= Annandale Imitation Realists =

Australian art collective

The Annandale Imitation Realists (later known as the Subterranean Imitation Realists, also known as Imitation Realism) was a short-lived collaborative group of Australian mixed media avant-garde artists formed in Sydney in 1961. Founding members were Mike Brown, Ross Crothall, and Colin Lanceley. They staged exhibitions in Sydney's Rudy Komon Gallery and John Reed's Museum of Modern Art and Design in Melbourne. Andrew Sayers, former head of Australia's National Portrait Gallery, described their work as "chaotic, exuberant, and profuse—collaborative collages consisting of junk and plastic objects, doodle-like drawings, and paintings celebrating a bizarre cast of characters." According to Lanceley, Imitation Realism was largely a reaction against what the members perceived as the "conservatism and lack of guts" of the Sydney art world. The group dissolved in 1964.

==History==
Ross Crothall (1934–), Colin Lanceley (1934–2015), and Mike Brown (1938–1997) met through East Sydney Technical College in 1956, but by 1958 only Lanceley remained at the college, where he later studied painting under renowned Australian abstract artist John Olsen.

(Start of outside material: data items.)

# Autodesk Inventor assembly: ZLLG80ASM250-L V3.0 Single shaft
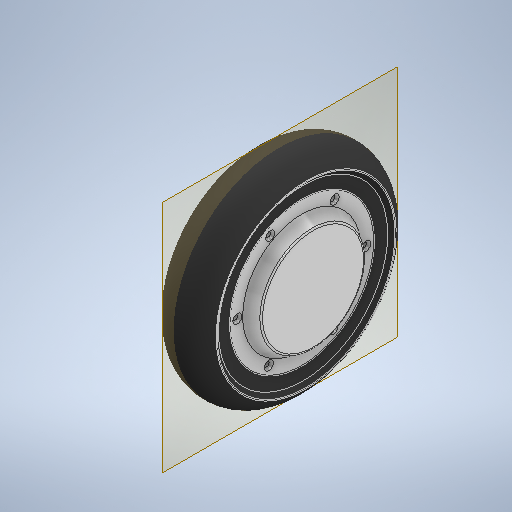
[picture p0: Inventor's stored thumbnail of the model, 512x512]
Saved by Autodesk Inventor 2026.2 (Build 302298010, 298A)
## iProperties
Company: none
Created: 2022-02-19
Part Number: ZLLG80ASM250-L V3.0 Single shaft
Description: CATIA V5 STEP Exchange
Document SubType Name: Assembly
Designer: chanh
Authority: none
Sending System: CATIA V5 STEP AP203
Preprocessor: CATIA Version 5 Release 20 GA (IN-10)
Title: C:\Users\Administrator\Desktop\常规电机图纸\8寸\ZLLG80ASM250 V3.0单出轴\ZLLG80ASM250-L V3.0.stp
Author: none
## Documents named in this file (7)
- C:\Users\chanh\내 드라이브\교과공부\2026년 1학기 (4학년 1학기)\01창의제품설계\CLOSE_hardware\00부품\ZLLG80ASM250-L V3.0 (모터)\ZLLG80ASM250-L V3.0 Single shaft.iam
- C:\Users\chanh\내 드라이브\교과공부\2026년 1학기 (4학년 1학기)\01창의제품설계\CLOSE_hardware\00부품\ZLLG80ASM250-L V3.0 (모터)\shaft.ipt
- C:\Users\chanh\내 드라이브\교과공부\2026년 1학기 (4학년 1학기)\01창의제품설계\CLOSE_hardware\00부품\ZLLG80ASM250-L V3.0 (모터)\outer cover.ipt
- C:\Users\chanh\내 드라이브\교과공부\2026년 1학기 (4학년 1학기)\01창의제품설계\CLOSE_hardware\00부품\ZLLG80ASM250-L V3.0 (모터)\inner ring.ipt
- C:\Users\chanh\내 드라이브\교과공부\2026년 1학기 (4학년 1학기)\01창의제품설계\CLOSE_hardware\00부품\ZLLG80ASM250-L V3.0 (모터)\tire.ipt
- C:\Users\chanh\내 드라이브\교과공부\2026년 1학기 (4학년 1학기)\01창의제품설계\CLOSE_hardware\00부품\ZLLG80ASM250-L V3.0 (모터)\inner cover.ipt
- C:\Users\chanh\내 드라이브\교과공부\2026년 1학기 (4학년 1학기)\01창의제품설계\CLOSE_hardware\00부품\ZLLG80ASM250-L V3.0 (모터)\Washer.ipt
## Components (6 placed, 6 different names)
1. shaft
2. outer cover
3. inner ring
4. tire — Angle:1, Mate:1
5. inner cover
6. Washer
## Relationships (2: Angle 1, Mate 1)
- Angle:1 (0 deg): tire
- Mate:1: tire

The three, along with a group of their classmates, had experimented with collaborative art making practices and avant-garde forms of art. Gradually their interests began to diversify into other fields such as assemblage, collage, "junk art", and non-Western art, especially Indigenous Australian art and the body ornaments and tribal house decorations of New Guinea. They collected scraps and debris in the streets of Sydney and in junkyards, infusing their art with a sense of urban larrikinism. By 1960, Crothall and Brown lived together in a house Crothall had rented in Annandale, and Lanceley was a frequent visitor.

They mounted their first exhibition in February 1962 at the Melbourne Museum of Modern Art and Design and their second and final exhibition in May 1962 at the Rudy Komon Gallery in Sydney. Robert Hughes thought their work owes more to "folk art incrustation" than high art and recognized the influence of Sepik art: "In the early 1960s the Sydney art world was saturated in Melanesian art, particularly from the Sepik. One could not be unfamiliar with it." Many had difficulty classifying the works of the Annandale Imitation Realists. According to art historian Christopher Heathcote, "There was confusion over what to call the 'Imitation Realism'. What was this style? Several writers opted for pop art, yet the works resembled neither the European nor American varieties of pop. ... Imitation Realism represented a complete disregard for accepted artistic values." Comparisons were also drawn to Dadaism and the "anti-art" of Marcel Duchamp, primitive art and children's drawings. Mike Brown noted that at different times their work was called "modern reliquary, satirical goonery, and inspired or uninspired doodling,.... It has also been said to comprise a new Art Movement. God forbid."

The group ended in 1964 when Lanceley departed for Europe. He returned to Sydney in 1981, at which stage significant works of the Annandale Imitation Realists were represented in all major galleries in Australia. Lanceley's 1961 work Glad Family Picnic is considered a masterpiece of the movement and is deemed a collection highlight at the Art Gallery of New South Wales.